Extract, without alteration, each line from the start of the listing to the line bearing "Norminal_to_ServoAngle : MATLAB".

•••

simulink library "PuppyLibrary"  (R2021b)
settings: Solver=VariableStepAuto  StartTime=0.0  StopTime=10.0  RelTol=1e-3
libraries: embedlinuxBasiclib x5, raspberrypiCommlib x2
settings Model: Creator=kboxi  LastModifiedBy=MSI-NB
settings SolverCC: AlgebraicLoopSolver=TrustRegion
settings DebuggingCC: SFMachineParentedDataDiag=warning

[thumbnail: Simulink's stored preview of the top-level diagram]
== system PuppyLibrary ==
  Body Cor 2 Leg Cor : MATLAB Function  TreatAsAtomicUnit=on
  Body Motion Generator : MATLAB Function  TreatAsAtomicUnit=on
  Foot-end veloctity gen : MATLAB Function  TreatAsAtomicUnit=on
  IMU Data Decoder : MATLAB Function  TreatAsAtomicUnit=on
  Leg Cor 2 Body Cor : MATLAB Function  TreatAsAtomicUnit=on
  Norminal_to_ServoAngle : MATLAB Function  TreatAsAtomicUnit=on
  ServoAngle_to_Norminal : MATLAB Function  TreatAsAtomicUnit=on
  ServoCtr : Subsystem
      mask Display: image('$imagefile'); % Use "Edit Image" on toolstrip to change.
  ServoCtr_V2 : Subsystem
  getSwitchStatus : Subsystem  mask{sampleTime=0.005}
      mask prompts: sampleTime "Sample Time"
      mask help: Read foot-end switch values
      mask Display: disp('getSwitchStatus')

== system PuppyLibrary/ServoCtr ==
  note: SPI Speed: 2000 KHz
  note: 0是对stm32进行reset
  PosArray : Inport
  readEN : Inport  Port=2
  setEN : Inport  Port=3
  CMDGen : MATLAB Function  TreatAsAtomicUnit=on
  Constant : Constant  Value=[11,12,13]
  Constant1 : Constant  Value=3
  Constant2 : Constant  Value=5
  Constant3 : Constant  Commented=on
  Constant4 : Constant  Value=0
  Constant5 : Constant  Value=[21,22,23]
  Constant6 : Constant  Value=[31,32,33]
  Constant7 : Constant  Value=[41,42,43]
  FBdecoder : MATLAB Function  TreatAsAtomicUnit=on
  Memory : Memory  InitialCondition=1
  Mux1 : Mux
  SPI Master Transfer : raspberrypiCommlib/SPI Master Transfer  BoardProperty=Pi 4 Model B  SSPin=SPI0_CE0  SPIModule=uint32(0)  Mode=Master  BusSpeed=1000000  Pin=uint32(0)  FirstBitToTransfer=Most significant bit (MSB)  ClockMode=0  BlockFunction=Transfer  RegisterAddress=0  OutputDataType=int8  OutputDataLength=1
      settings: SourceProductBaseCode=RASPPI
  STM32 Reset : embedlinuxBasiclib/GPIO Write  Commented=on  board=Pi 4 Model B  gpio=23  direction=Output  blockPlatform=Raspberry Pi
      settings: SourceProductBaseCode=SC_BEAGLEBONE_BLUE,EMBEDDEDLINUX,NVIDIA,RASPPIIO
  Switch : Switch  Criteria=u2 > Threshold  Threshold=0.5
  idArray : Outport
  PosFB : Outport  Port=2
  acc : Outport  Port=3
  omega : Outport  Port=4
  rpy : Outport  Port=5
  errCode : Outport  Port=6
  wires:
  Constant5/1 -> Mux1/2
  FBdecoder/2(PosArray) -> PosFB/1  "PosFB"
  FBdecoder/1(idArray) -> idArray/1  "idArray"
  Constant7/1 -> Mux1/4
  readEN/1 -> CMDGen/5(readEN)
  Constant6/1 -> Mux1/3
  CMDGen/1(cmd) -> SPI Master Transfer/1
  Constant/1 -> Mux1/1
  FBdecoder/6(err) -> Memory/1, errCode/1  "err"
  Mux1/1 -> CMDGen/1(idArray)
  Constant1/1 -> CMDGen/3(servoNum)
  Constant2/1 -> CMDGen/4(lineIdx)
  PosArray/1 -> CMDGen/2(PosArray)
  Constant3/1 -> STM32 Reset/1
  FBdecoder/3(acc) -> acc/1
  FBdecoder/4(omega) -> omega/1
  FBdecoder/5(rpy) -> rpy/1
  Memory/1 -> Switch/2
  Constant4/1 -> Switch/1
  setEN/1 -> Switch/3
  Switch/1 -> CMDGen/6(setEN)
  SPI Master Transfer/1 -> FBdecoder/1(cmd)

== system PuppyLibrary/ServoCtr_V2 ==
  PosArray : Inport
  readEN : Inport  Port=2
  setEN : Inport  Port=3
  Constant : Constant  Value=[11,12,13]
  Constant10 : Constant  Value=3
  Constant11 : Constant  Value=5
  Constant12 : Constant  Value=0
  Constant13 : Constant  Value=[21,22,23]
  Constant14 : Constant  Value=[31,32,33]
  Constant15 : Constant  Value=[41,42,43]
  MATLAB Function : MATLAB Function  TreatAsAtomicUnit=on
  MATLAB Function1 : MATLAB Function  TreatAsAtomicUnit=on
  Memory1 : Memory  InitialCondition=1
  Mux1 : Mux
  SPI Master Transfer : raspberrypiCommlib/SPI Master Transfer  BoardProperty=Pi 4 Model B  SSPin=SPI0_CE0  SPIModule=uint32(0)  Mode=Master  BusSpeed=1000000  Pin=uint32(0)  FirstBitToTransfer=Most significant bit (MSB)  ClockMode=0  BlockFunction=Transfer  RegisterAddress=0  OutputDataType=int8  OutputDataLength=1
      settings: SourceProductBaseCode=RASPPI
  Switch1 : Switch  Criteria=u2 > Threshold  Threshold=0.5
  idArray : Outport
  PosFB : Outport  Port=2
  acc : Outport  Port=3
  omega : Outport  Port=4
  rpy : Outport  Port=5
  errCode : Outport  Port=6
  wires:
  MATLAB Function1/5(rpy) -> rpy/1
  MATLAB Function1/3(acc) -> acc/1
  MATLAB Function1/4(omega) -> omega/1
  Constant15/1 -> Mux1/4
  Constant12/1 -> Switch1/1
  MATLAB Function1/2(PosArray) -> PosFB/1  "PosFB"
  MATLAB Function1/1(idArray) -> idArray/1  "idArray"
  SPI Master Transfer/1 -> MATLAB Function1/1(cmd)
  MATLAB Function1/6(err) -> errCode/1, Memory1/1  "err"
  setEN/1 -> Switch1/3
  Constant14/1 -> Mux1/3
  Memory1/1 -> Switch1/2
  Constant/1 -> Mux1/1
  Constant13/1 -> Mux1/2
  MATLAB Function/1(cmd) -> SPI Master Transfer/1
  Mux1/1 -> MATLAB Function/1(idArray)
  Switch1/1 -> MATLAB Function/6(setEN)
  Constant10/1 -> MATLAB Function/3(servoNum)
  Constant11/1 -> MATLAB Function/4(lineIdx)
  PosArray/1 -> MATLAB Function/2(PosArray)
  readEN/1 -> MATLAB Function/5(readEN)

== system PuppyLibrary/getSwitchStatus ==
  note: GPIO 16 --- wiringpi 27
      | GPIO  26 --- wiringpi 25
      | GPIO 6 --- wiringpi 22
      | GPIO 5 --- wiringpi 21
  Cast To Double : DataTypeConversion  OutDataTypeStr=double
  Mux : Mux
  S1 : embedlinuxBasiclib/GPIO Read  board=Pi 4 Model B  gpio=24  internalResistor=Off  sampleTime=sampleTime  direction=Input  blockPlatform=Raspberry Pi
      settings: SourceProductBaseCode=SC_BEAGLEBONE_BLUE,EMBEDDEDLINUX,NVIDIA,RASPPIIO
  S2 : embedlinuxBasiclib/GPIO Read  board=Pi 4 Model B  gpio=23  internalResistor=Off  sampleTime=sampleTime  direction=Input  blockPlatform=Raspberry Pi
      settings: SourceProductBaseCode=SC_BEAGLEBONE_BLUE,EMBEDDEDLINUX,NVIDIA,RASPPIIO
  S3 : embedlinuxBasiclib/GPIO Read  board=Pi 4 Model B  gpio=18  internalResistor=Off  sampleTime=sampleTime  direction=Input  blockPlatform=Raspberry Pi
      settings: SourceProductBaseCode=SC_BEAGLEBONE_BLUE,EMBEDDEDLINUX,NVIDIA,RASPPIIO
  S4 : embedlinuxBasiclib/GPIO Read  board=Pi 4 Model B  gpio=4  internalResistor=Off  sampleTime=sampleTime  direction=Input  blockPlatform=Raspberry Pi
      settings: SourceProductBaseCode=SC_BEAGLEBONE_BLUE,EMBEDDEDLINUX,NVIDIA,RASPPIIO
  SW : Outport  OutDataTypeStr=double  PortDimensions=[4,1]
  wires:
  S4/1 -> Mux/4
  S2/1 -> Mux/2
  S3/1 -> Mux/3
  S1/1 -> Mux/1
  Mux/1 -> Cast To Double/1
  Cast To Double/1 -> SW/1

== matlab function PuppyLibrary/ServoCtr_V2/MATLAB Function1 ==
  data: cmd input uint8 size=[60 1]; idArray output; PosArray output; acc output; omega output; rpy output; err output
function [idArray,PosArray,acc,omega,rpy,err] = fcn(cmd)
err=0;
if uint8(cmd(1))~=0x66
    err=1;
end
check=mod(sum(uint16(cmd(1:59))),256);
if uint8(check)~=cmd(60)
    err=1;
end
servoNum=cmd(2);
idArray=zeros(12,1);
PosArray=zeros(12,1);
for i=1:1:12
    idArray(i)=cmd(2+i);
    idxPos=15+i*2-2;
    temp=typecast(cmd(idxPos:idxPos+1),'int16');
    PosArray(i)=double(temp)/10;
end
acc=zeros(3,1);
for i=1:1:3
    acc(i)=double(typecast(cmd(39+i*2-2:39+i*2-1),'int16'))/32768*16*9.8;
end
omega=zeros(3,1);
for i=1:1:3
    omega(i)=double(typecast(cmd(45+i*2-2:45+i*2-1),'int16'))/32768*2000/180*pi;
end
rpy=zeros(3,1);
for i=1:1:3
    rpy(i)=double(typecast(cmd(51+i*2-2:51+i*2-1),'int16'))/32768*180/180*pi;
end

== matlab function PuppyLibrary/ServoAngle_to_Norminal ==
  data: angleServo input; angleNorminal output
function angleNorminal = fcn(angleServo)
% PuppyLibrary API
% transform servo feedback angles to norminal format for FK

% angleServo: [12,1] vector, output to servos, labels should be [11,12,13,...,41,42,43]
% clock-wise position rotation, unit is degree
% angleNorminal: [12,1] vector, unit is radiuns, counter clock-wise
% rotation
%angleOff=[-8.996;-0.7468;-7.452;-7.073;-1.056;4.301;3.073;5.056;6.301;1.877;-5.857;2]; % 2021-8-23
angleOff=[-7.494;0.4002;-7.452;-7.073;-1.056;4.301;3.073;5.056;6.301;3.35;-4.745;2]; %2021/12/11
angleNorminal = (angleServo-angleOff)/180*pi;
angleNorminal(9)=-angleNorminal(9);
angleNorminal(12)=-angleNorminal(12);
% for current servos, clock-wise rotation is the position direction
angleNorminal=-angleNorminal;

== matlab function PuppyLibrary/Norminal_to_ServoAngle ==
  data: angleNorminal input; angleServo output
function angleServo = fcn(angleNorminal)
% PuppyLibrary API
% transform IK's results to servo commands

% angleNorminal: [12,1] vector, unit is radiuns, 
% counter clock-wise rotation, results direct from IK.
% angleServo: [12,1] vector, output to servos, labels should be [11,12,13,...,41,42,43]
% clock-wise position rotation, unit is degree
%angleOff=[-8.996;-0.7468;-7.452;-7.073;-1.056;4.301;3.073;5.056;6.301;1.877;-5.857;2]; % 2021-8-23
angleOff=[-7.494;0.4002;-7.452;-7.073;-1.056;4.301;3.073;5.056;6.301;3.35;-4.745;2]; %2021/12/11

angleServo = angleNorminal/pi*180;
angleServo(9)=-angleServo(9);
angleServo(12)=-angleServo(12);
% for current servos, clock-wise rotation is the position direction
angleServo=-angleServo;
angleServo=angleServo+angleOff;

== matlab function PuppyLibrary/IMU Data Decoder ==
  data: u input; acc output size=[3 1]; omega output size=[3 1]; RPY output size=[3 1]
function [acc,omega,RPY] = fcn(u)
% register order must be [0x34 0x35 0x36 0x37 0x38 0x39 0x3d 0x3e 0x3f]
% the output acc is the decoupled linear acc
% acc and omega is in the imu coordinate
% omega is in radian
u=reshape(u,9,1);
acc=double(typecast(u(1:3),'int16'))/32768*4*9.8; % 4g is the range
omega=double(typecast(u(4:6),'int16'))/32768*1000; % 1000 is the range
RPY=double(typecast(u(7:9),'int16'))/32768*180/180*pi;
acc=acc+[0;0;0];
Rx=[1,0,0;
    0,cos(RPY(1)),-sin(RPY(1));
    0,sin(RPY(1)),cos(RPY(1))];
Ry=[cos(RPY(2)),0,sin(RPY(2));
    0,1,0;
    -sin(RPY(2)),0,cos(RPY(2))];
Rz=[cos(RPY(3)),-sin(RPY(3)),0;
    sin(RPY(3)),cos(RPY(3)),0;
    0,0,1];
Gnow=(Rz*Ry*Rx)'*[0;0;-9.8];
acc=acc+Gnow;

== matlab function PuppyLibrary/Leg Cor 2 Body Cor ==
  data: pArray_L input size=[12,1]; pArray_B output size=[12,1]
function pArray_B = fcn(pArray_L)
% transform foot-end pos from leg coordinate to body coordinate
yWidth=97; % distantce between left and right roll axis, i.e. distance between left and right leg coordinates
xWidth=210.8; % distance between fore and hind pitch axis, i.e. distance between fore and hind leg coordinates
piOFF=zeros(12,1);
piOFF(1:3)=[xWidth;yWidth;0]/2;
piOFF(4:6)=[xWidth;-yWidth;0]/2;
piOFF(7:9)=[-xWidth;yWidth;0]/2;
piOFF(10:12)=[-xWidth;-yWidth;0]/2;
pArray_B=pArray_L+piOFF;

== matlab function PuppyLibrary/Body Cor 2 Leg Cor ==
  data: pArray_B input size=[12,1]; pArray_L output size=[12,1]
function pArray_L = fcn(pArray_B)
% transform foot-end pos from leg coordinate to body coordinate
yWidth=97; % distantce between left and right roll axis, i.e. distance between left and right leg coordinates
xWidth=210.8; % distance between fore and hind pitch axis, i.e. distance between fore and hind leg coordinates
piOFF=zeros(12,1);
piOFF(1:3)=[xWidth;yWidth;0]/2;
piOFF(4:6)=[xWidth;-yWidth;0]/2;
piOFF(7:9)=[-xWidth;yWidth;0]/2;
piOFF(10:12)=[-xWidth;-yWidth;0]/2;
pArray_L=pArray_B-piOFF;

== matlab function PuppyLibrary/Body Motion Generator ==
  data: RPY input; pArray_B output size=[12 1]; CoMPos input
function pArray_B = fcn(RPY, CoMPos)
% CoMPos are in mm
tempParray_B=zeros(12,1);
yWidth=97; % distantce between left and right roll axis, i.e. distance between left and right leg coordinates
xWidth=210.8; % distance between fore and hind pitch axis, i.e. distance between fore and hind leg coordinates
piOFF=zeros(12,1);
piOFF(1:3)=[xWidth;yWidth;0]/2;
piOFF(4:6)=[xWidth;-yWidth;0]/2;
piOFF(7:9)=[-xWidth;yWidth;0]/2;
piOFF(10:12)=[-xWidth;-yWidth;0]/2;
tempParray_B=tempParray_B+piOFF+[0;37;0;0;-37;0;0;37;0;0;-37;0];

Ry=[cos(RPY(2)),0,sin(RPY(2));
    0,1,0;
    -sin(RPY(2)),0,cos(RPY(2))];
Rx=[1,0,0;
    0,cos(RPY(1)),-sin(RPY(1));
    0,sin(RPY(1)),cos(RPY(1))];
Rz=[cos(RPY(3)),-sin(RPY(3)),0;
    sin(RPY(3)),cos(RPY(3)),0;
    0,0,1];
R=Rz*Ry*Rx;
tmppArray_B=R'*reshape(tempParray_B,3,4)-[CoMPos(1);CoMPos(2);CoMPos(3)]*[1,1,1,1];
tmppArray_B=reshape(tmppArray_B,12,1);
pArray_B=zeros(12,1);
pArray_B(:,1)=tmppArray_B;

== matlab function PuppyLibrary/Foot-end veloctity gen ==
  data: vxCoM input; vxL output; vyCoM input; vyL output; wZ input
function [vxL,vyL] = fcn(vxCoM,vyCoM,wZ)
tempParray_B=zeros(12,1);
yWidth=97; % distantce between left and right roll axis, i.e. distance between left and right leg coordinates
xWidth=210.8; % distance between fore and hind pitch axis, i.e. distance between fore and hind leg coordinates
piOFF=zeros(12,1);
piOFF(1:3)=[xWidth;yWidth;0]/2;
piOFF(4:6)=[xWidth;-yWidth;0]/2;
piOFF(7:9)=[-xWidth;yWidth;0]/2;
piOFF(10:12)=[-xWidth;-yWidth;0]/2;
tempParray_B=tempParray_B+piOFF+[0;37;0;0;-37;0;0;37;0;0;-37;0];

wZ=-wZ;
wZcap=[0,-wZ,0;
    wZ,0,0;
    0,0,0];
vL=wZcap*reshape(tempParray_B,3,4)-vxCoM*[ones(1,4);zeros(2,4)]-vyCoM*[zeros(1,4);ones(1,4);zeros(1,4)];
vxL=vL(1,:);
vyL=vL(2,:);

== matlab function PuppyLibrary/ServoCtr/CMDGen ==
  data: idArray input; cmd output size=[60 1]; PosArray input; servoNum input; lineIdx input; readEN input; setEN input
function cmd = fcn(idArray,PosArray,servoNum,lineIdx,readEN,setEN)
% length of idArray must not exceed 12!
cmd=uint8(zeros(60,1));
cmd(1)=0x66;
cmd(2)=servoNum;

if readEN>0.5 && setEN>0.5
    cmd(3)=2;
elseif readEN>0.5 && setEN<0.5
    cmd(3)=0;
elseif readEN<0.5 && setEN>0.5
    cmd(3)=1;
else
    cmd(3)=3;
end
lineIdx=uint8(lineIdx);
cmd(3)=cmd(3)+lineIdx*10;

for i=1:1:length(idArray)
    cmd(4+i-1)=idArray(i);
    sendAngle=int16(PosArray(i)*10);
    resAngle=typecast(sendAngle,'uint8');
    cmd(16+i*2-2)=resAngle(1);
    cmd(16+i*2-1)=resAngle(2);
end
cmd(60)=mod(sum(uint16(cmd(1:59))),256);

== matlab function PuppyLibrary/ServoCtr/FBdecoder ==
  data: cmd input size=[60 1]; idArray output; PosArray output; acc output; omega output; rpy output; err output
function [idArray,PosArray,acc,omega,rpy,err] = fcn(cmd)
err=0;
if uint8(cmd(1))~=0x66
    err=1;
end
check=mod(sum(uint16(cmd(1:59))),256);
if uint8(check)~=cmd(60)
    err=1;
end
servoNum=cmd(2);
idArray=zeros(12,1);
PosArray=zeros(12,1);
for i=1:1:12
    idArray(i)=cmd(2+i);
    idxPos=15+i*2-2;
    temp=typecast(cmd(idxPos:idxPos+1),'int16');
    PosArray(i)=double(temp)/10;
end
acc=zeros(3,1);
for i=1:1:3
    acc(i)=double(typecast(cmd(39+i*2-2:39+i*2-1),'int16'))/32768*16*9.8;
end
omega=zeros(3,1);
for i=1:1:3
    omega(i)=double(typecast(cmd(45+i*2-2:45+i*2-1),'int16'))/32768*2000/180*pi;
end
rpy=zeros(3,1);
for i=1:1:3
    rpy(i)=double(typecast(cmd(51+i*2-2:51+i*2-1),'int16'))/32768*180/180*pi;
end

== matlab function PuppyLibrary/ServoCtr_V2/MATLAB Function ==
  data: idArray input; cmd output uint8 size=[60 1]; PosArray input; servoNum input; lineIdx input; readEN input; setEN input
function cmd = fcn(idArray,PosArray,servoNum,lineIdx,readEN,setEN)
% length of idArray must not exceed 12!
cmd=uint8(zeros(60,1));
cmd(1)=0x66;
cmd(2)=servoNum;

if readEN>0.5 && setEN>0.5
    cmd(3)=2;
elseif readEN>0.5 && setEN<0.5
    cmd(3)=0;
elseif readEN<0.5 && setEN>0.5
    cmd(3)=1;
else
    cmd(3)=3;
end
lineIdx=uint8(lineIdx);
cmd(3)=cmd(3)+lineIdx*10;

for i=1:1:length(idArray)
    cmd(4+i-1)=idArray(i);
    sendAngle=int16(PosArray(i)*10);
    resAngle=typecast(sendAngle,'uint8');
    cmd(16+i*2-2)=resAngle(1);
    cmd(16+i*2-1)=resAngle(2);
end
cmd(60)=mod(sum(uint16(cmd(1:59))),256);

•••

:: Solution ::
simulink library "PuppyLibrary"  (R2021b)
settings: Solver=VariableStepAuto  StartTime=0.0  StopTime=10.0  RelTol=1e-3
libraries: embedlinuxBasiclib x5, raspberrypiCommlib x2
settings Model: Creator=kboxi  LastModifiedBy=MSI-NB
settings SolverCC: AlgebraicLoopSolver=TrustRegion
settings DebuggingCC: SFMachineParentedDataDiag=warning

[thumbnail: Simulink's stored preview of the top-level diagram]
== system PuppyLibrary ==
  Body Cor 2 Leg Cor : MATLAB Function  TreatAsAtomicUnit=on
  Body Motion Generator : MATLAB Function  TreatAsAtomicUnit=on
  Foot-end veloctity gen : MATLAB Function  TreatAsAtomicUnit=on
  IMU Data Decoder : MATLAB Function  TreatAsAtomicUnit=on
  Leg Cor 2 Body Cor : MATLAB Function  TreatAsAtomicUnit=on
  Norminal_to_ServoAngle : MATLAB Function  TreatAsAtomicUnit=on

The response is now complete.